1.目覚ましの音で目が覚める。そこで時間を確認して、あと5分くらいなら寝ていても大丈夫だと判断する。そこで5分後に鳴るようにセットして再びふとんにもぐりこみ、至福の時を過ごす。5分後にいやらしい電子音でたたき起こされ、ムカムカしながら目を覚ます。とにかく、会社に間に合う時刻に起きることはできた。
2.5分後にセットして至福の時を過ごす。いやらしい電子音でたたき起こされるが、さらに5分は大丈夫だと判断し、さらに至福の時を過ごす。これを繰り返し取り返しがつかなくなったところで後悔の念とともに青ざめながら目を覚ます。この時点で、症状はすでに進行していると言える。
3.5分後にセットして至福の時を過ごす。いやらしい電子音でたたき起こされ、ムカムカして目覚し時計をぶっとばす。勝ち誇った気分でさらに至福の時を過ごす。次に気がついた時にはもう取り返しはつかない。
4.あと5分は大丈夫だと判断し至福の時を過ごす。5分ではなく、2時間後に後悔の念とともに青ざめながら飛び起きる。はて、目覚ましは5分後にセットし直したんだっけ? こうなるともう、回復の見込みは無い。
5.いきなり、取り返しのつかない時間に目覚める。目覚ましが鳴ったことも、止めたことも記憶にない。最悪。ああ。
 それ相応の罰則がない限り(遅刻すると減棒とか、単位を落とすとか)、症状はだんだん重くなる。つまり、目覚ましが効力を発揮しなくなる方向に向かう。

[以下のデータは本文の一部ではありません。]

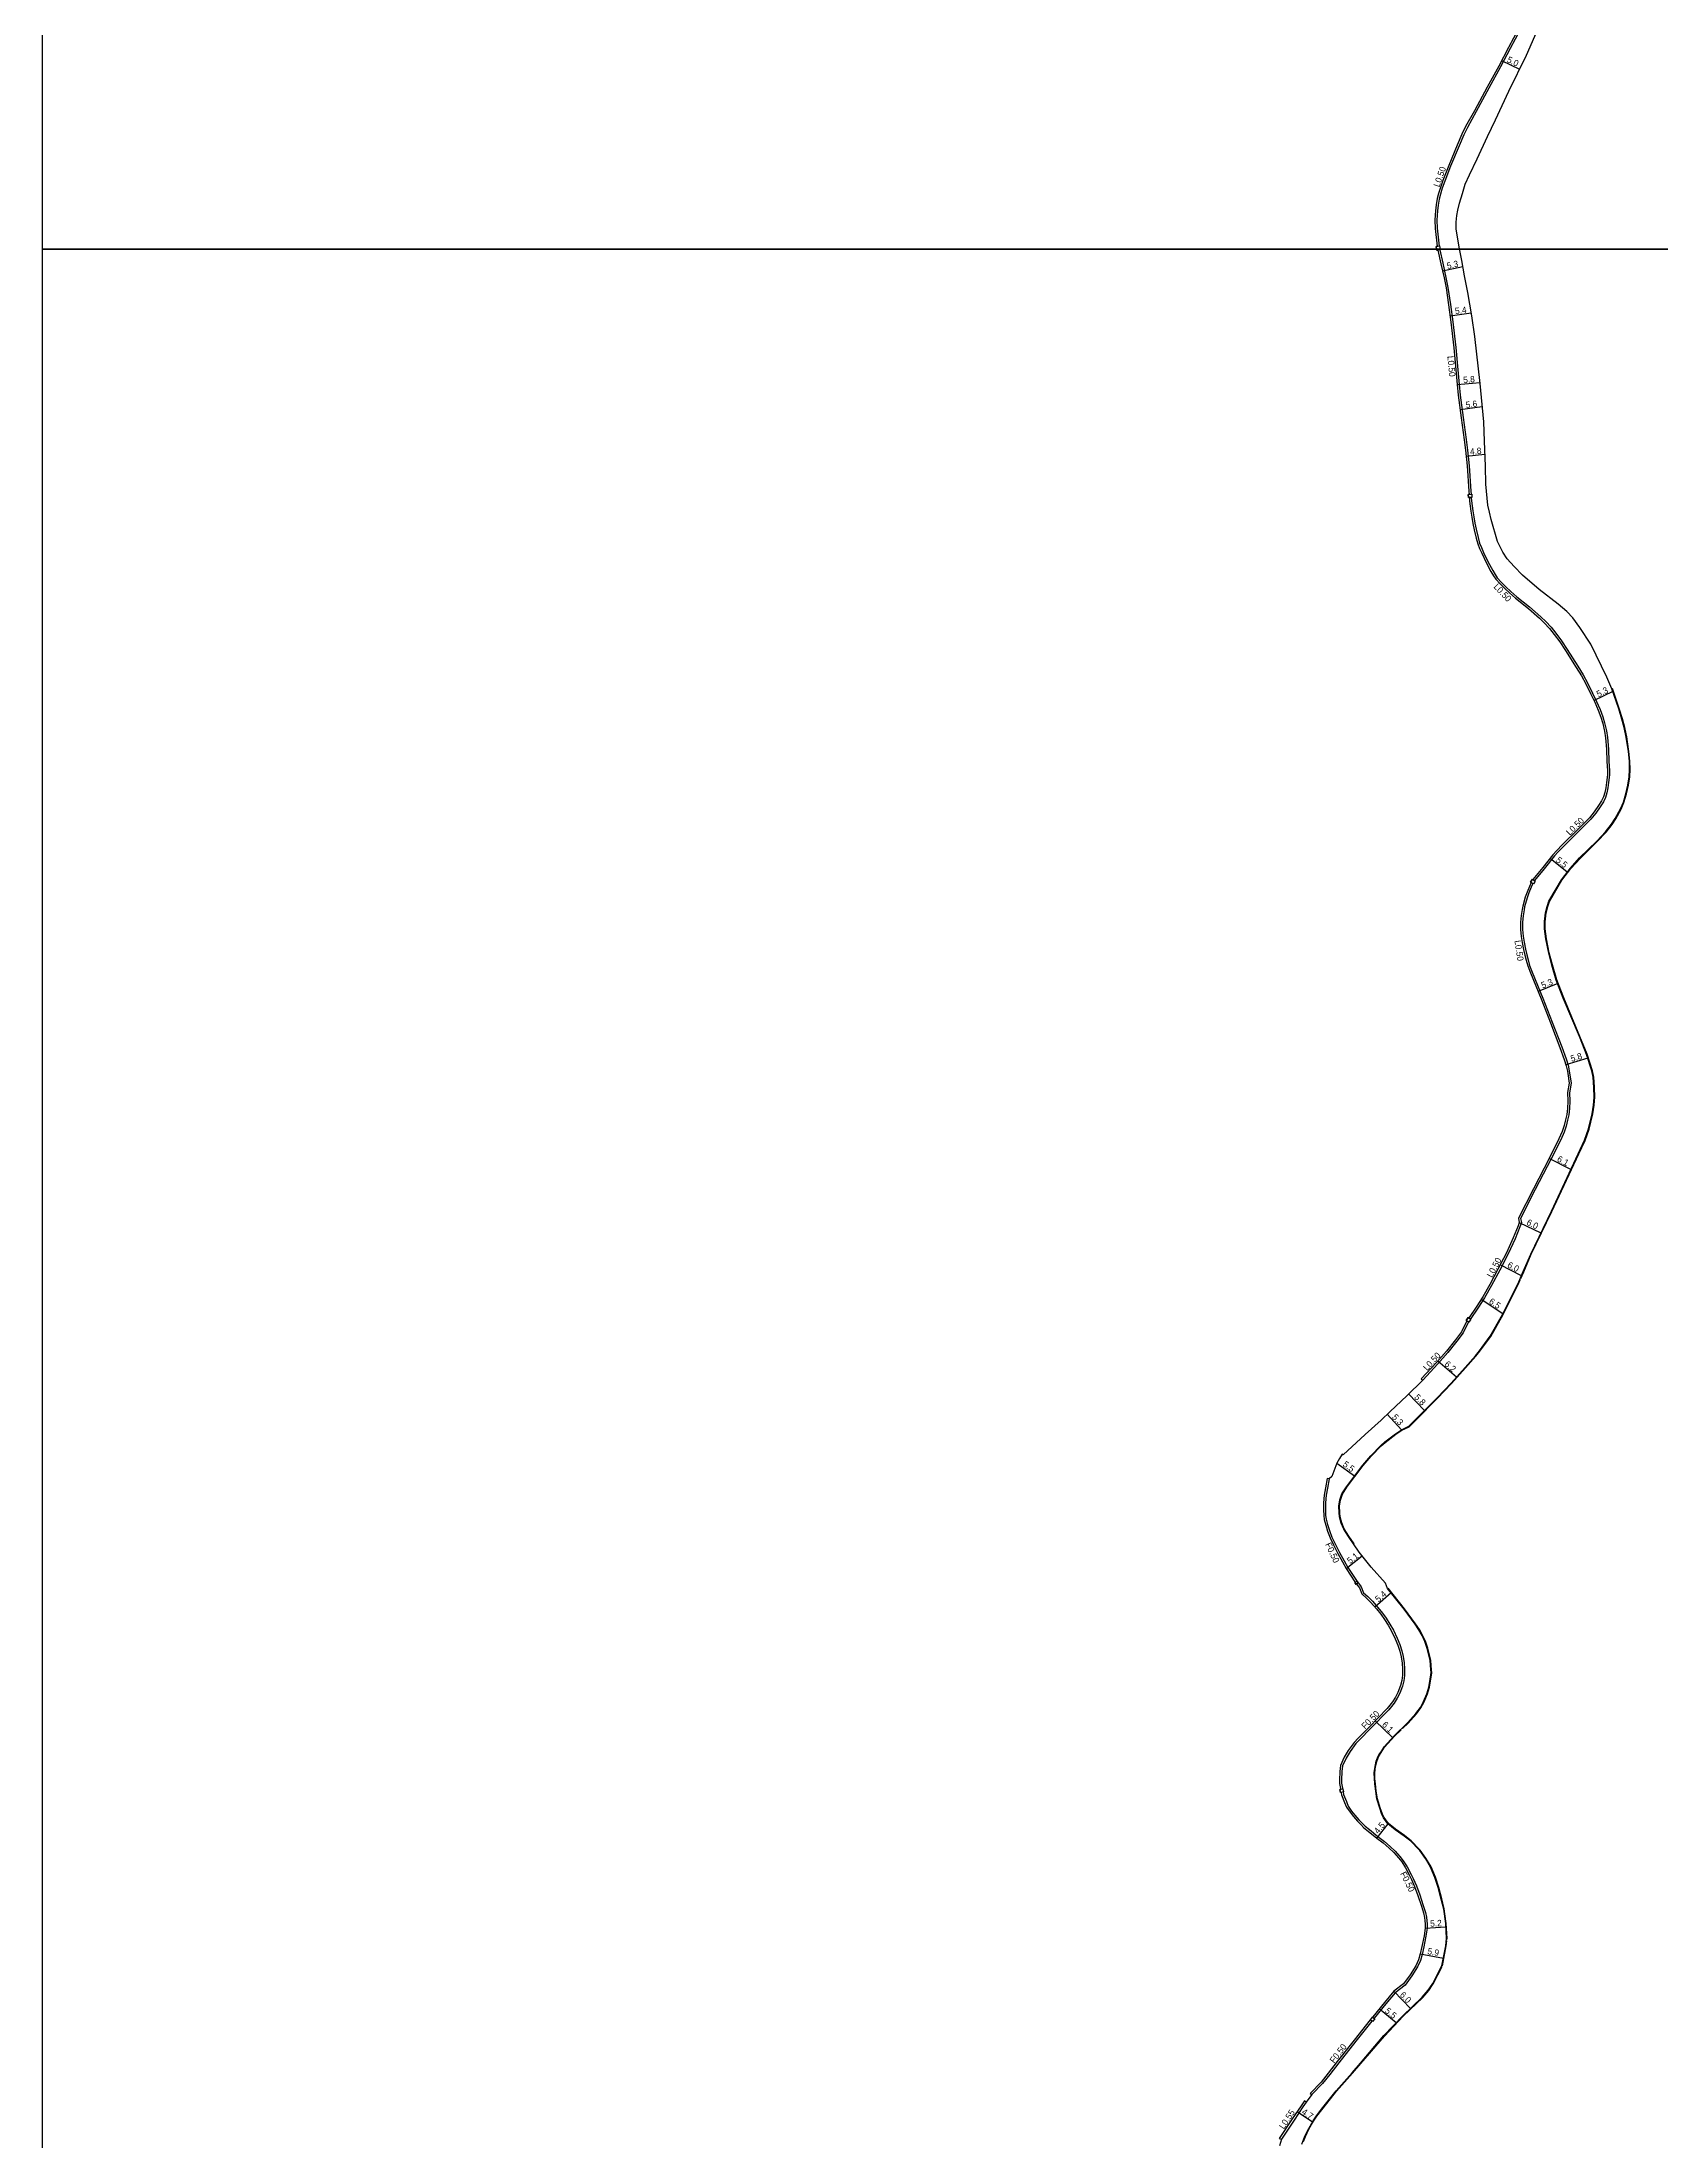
# Model space of a CAD drawing. Header units: metres. Extents: x -24000 to -20000, y -93000 to -89999.
# Drawn here: x -23200 to -22793, y -91076 to -90548 of the extents above; entities that cross this region are included whole.
import ezdxf

# ---------------------------------------------------------------- set-up
doc = ezdxf.new("R2010")
doc.units = ezdxf.units.M
doc.header["$LTSCALE"] = 2.5
for name, color, linetype in [('側溝・桝', 7, 'Continuous'), ('図郭', 7, 'Continuous'), ('幅員', 7, 'Continuous'), ('歩道・分離帯・安全施設', 7, 'Continuous'), ('道路', 7, 'Continuous')]:
    doc.layers.add(name, color=color, linetype=linetype)
doc.styles.get("Standard").update_dxf_attribs({"font": ''})
doc.styles.get('Standard').set_extended_font_data('@MS PGothic')

msp = doc.modelspace()

# ---------------------------------------------------------------- linework, layer by layer
at = {"layer": '側溝・桝'}
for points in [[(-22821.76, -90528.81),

 記憶もないのに、目覚ましを止めるとは、いつもの自分とは違う、第二の自分がいるとしか考えられない。起きられるかどうかは、文字通り“自分との戦い”であり、その相手こそが、“寝ている自分”だ。
 寝ている私は、起きて立って歩いていかなくては行けない場所に置いてある目覚ましを止めることができる。時々それをまくら元に持ってくることさえある。
 私の会社の同僚は、目覚ましを止めるだけでなく電話線を引っこ抜き、携帯電話の電源を切った。おかげでそいつを訪ねて時間通りに会社にやってきたお客さんに私が謝り名刺を預かり話を聞くハメになった。
 目覚ましを5つ仕掛けている(それでも目覚めない)人を私は知っているし、実際に目覚ましを叩き壊した人も知っている。  当学会員の渡辺ヤスヒロ氏は、ある朝例によって取り返しのつかない時間に目覚めるとスーツを着てネクタイをしていることに気がついた。もちろん、昨晩そんな姿で寝たわけではない。どうやら寝ている彼はスーツを着るという行為で起きている彼を安心させ、その後の行動を阻害するという戦術をとったようだ。
 しかし、渡辺ヤスヒロ氏もそう何度も同じ手に引っかかるほどヤワではない。ちゃんとスーツに着替え、ネクタイもしたところで、さらに気を引き締め、電車に乗り、時間通りに会社に着くことができた。と思ったところで目が覚めたそうだ。もちろん取り返しのつくような時刻ではない。うそのようなマンガのような本当の話だ。
 寝ている自分、恐るべし。特に最強の技、夢攻撃でこられたら我々にはなすすべがない。夢と現実の区別ができる人だけがこれに対抗しうる。もっとも寝ている自分はそれを上回る攻撃をしかけてくるに違いないが。
 このように寝ている自分は、自分を起こそうとするものをあらゆる手段を使って排除する。そのためであれば、起きているときと同じ行動さえするのである。ふとんから起きだし、歩き、耳で聞いて目覚ましの方向を突き止め、目を開いて目覚ましのスイッチを見つけ、手でスイッチを止め、再び歩いてふとんにもぐりこむのである。
 先に挙げたように、症状が重くなるということは、奴が我々を上回る猛烈な勢いで鍛えられていることにほかならない。まるで、ある種のウイルスとワクチンのような関係だ。これを防ぐことは容易ではない。まず、不可能と言っていいだろう。

 寝ている自分には、何人(なんぴと)たりとも打ち勝つことはできないのだ。私が“寝ている自分は最強”と訴える理由である。


応用と実践

 さて、そんなに寝ている自分が強いのならば、なにか役立つことに使えないものだろうか。
 例えば、ボクサーになるというのはどうだろう。もちろん、寝ながらリングに立つのである。寝ている自分は、起こそうとするあらゆるものを排除する。訓練された、重い敵のパンチが当たれば、そりゃ起きてしまうだろう。これぞ目の覚めるようなパンチだ。したがって、寝ている自分は鉄壁のガードもしくはよけを身につけることになる。しかしそれだけではダメだ。激しく体を動かし続けると、それだけで目が覚めてしまう。したがって、試合を早く終わらせなければならない。試合を早く終わらせられる最も簡単な方法は、相手をノックアウトすることだ。そんなことは相手を目覚まし時計だと考えれば寝ている自分にとっては朝飯前だろう。
 こうして、1ラウンドKO勝ちで連勝街道を突き進む、最強のチャンピオン、スリープ渡辺が誕生するのである。

 いくら寝ている自分が最強といっても応用できない分野もある。
 受験勉強だ。勉強は自分を起こすのではなく眠る方向に向かわせるからだ。寝ている自分は、すでに寝ているのに眠るようなこと(勉強)をするなんて無駄なことはしない。仮に計略を用いて、勉強が終わるまで目覚ましが鳴り続ける装置を使ってみてもダメだろう。それは起きているものの浅はかな考えだ。寝ている自分は、まず、その目覚める方向のあるもの(目覚まし)を排除するからだ。目覚めの元を断つ。寝ている自分は徹底した合理主義者でしかも非情なのだ。

 究極の寝ている自分の使い場所は兵隊だ。この場合、寝ている自分を目覚めさせようとするものは敵の攻撃であるから、寝ている自分は音もなく敵の背後に忍び寄り、一斉射撃であれ、機銃掃射であれ、一瞬にして沈黙させるのだ。ここに最強のコマンドーとも言うべき“眠り兵部隊”が誕生したのだ。
 自衛隊はぜひともこの“眠り兵部隊”の採用を検討してもらいたい。
 彼らが守っている限り、我々市民は安心して眠ることができるのだから。